Ketamine produces anesthesia via several mechanisms of action, though the main mechanism is acting as a non-competitive antagonist of the N-methyl-D-aspartate (NMDA) receptor, a type of receptor found in neurons of the central nervous system. The neurotransmitters glutamate and glycine – and the eponymous N-methyl D-aspartate – bind to NMDA receptors and enable positively-charged ions to enter the cell, which allows for the transmission of an electrical signal.3 When ketamine binds to NMDA receptors, it does not interfere with the binding of NMDA agonists, the neurotransmitters or substances that initiate the neuronal response, but binds to a site within the ion channel that prevents the influx of ions into the cell, thus blocking the signal the neuron would otherwise transmit.4 Because the activation of NMDA receptors is associated with pain and memory development,5 ketamine can interfere with these processes to produce anesthesia.
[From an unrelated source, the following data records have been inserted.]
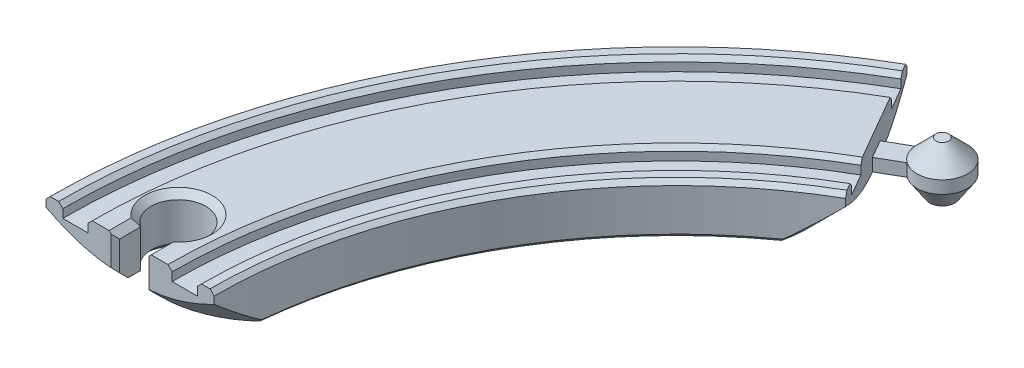
SolidWorks part; units mm, degrees
note: The reader was unsure of these and kept them because the rebuilt part matched: shared geometry of "Sketch4<3>", "Sketch4<5>".
ref_plane "Front Plane" through (0, 0, 0) normal (0, 0, 1) x (1, 0, 0)
ref_plane "Top Plane" through (0, 0, 0) normal (0, 1, 0) x (1, 0, 0)
ref_plane "Right Plane" through (0, 0, 0) normal (1, 0, 0) x (0, 0, -1)
sketch "Sketch2" plane through (0, 0, 0) normal (0, 0, 1) x (1, 0, 0)
  line L0 (-20, 0) -> (20, 0)
  line L1 (20, 0) -> (20, 12)
  line L2 (20, 12) -> (16, 12)
  line L3 (16, 12) -> (16, 9)
  line L4 (16, 9) -> (10, 9)
  line L5 (10, 9) -> (10, 12)
  line L6 (10, 12) -> (-10, 12)
  line L7 (-10, 12) -> (-10, 9)
  line L8 (-10, 9) -> (-16, 9)
  line L9 (-16, 9) -> (-16, 12)
  line L10 (-16, 12) -> (-20, 12)
  line L11 (-20, 12) -> (-20, 0)
  line L12 (129.9038, 0) -> (129.9038, 12)
  point P4 (0, 0)
  dimension "D1" = 40
  dimension "D2" = 12
  dimension "D3" = 3
  dimension "D4" = 4
  dimension "D5" = 6
  dimension "D6" = 129.9038
revolve "Revolve1" add sketch "Sketch2" angle 60 about L12
sketch "Sketch3" plane through (0, 12, 0) normal (0, 1, 0) x (1, 0, 0)
  line L0 (10, 0) -> (-10, 0) construction
  line L2 (-3.5, 0) -> (3.5, 0)
  line L3 (-3.5, 0) -> (-3.5, 11.5)
  line L4 (-3.5, 11.5) -> (3.5, 11.5)
  line L5 (3.5, 0) -> (3.5, 11.5)
  line L6 (-3.5, 0) -> (3.5, 11.5) construction
  line L7 (-3.5, 11.5) -> (3.5, 0) construction
  circle A0 centre (0, 11.5) radius 6.5
  point P4 (0, 5.75)
  point P10 (0, 0)
  line M6 (-10, 0) -> (10, 0)
  dimension "D1" = 13
  dimension "D2" = 11.5
  dimension "D3" = 7
extrude "Cut-Extrude1" cut sketch "Sketch3" against normal through all contours L5 A0 L3 L4 | L3 A0 L5 L4 | A0 L3 L5 M6
sketch "Sketch4" plane through (0, 12, 0) normal (0, 1, 0) x (1, 0, 0)
  line L0 (66.2019, 110.3349) -> (63.7019, 114.6651)
  line L1 (66.2019, 110.3349) -> (76.1612, 116.0849)
  line L2 (63.7019, 114.6651) -> (73.6612, 120.4151)
  line L3 (76.1612, 116.0849) -> (73.6612, 120.4151)
  line L4 (69.9519, 103.8397) -> (59.9519, 121.1603) construction
  circle A0 centre (74.9112, 118.25) radius 6
  point P9 (64.9519, 112.5)
  line M6 (69.9519, 103.8397) -> (59.9519, 121.1603)
  dimension "D1" = 12
  dimension "D2" = 5
  dimension "D3" = 11.5
extrude "Boss-Extrude1" add sketch "Sketch4" against normal up to surface (12 mm away) contours L1 A0 L2 L3 | L2 A0 L1 L3 up to face at (12.4699, 0, -33.3033)
extrude "Boss-Extrude2" add sketch "Sketch4<3>" against normal blind 7.5 contours A0 L2 L1 M6
sketch "Sketch4<3>" plane through (0, 12, 0) normal (0, 1, 0) x (1, 0, 0) same geometry as "Sketch4"
extrude "Cut-Extrude2" cut sketch "Sketch4<5>" against normal blind 4.5 contours A0 L2 L1 M6
sketch "Sketch4<5>" plane through (0, 12, 0) normal (0, 1, 0) x (1, 0, 0) same geometry as "Sketch4"
chamfer "Chamfer2" distance 4.5 angle 45 1 edges at (68.9112, 12, -118.25)
chamfer "Chamfer5" distance 3 distance2 4.5 1 edges at (74.9112, 0, -124.25)
chamfer "Chamfer3" distance 1.5 angle 45 6 edges at (0, 0, -18) (3.5, 0, -3.0114) (-3.5, 12, -3.0114) (-3.5, 0, -3.0114) (0, 12, -18) (3.5, 12, -3.0114)
sketch "Sketch17" plane through (-33.726, 0, -58.4151) normal (-0.5, 0, -0.866) x (-0.866, 0, 0.5)
  line L0 (-118.5456, 10.5456) -> (-118.5456, 0)
  line L1 (-118.5456, 0) -> (-108, 0)
  line L2 (-108, 0) -> (-118.5456, 10.5456)
  line L4 (-83, -1.2652) -> (-83, 10.5456) construction
  dimension "D1" = 25
revolve "Cut-Revolve1" cut sketch "Sketch17" angle 90 about L4
ref_plane "Plane1" through (-32.476, 0, -56.25) normal (-0.5, 0, -0.866) x (-0.866, 0, 0.5)
mirror "Mirror1" about plane through (-32.476, 0, -56.25) normal (-0.5, 0, -0.866) of "Cut-Revolve1"
chamfer "Chamfer4" distance 4.5 angle 45 1 edges at (64.9519, 0, -112.5)
ref_plane "Plane2" through (32.476, 0, -56.25) normal (0.5, 0, -0.866) x (-0.866, 0, -0.5)
mirror "Mirror4" about plane through (32.476, 0, -56.25) normal (0.5, 0, -0.866) of "Cut-Revolve1", "Mirror1"
chamfer "Chamfer1" distance 1 angle 45 15 edges at (0.0833, 0, -74.9519) (34.7243, 0, -54.9519) (-3.5, 7.5085, 0) (3.5, 7.5085, 0) (3.5474, 12, -72.9519) (8.7436, 12, -69.9519) (26.0641, 12, -59.9519) (31.2602, 12, -56.9519) (34.7243, 12, -54.9519) (0.0833, 12, -74.9519)

While the interaction of ketamine with NMDA receptors has been well established, ketamine has other mechanisms of actions when it comes to its anesthetic properties. One such mechanism is ketamine’s interactions with mu-opioid receptors, which typically bind opioids, to induce analgesia,6 though some studies have yielded more ambiguous results. For example, in their 2012 study, Hardy et al. found that adding ketamine to opioids did not improve cancer-related pain,7 suggesting that ketamine does not enact anesthesia via the same mechanisms used by opioids. The connection between ketamine and opioid mechanisms thus remains unresolved.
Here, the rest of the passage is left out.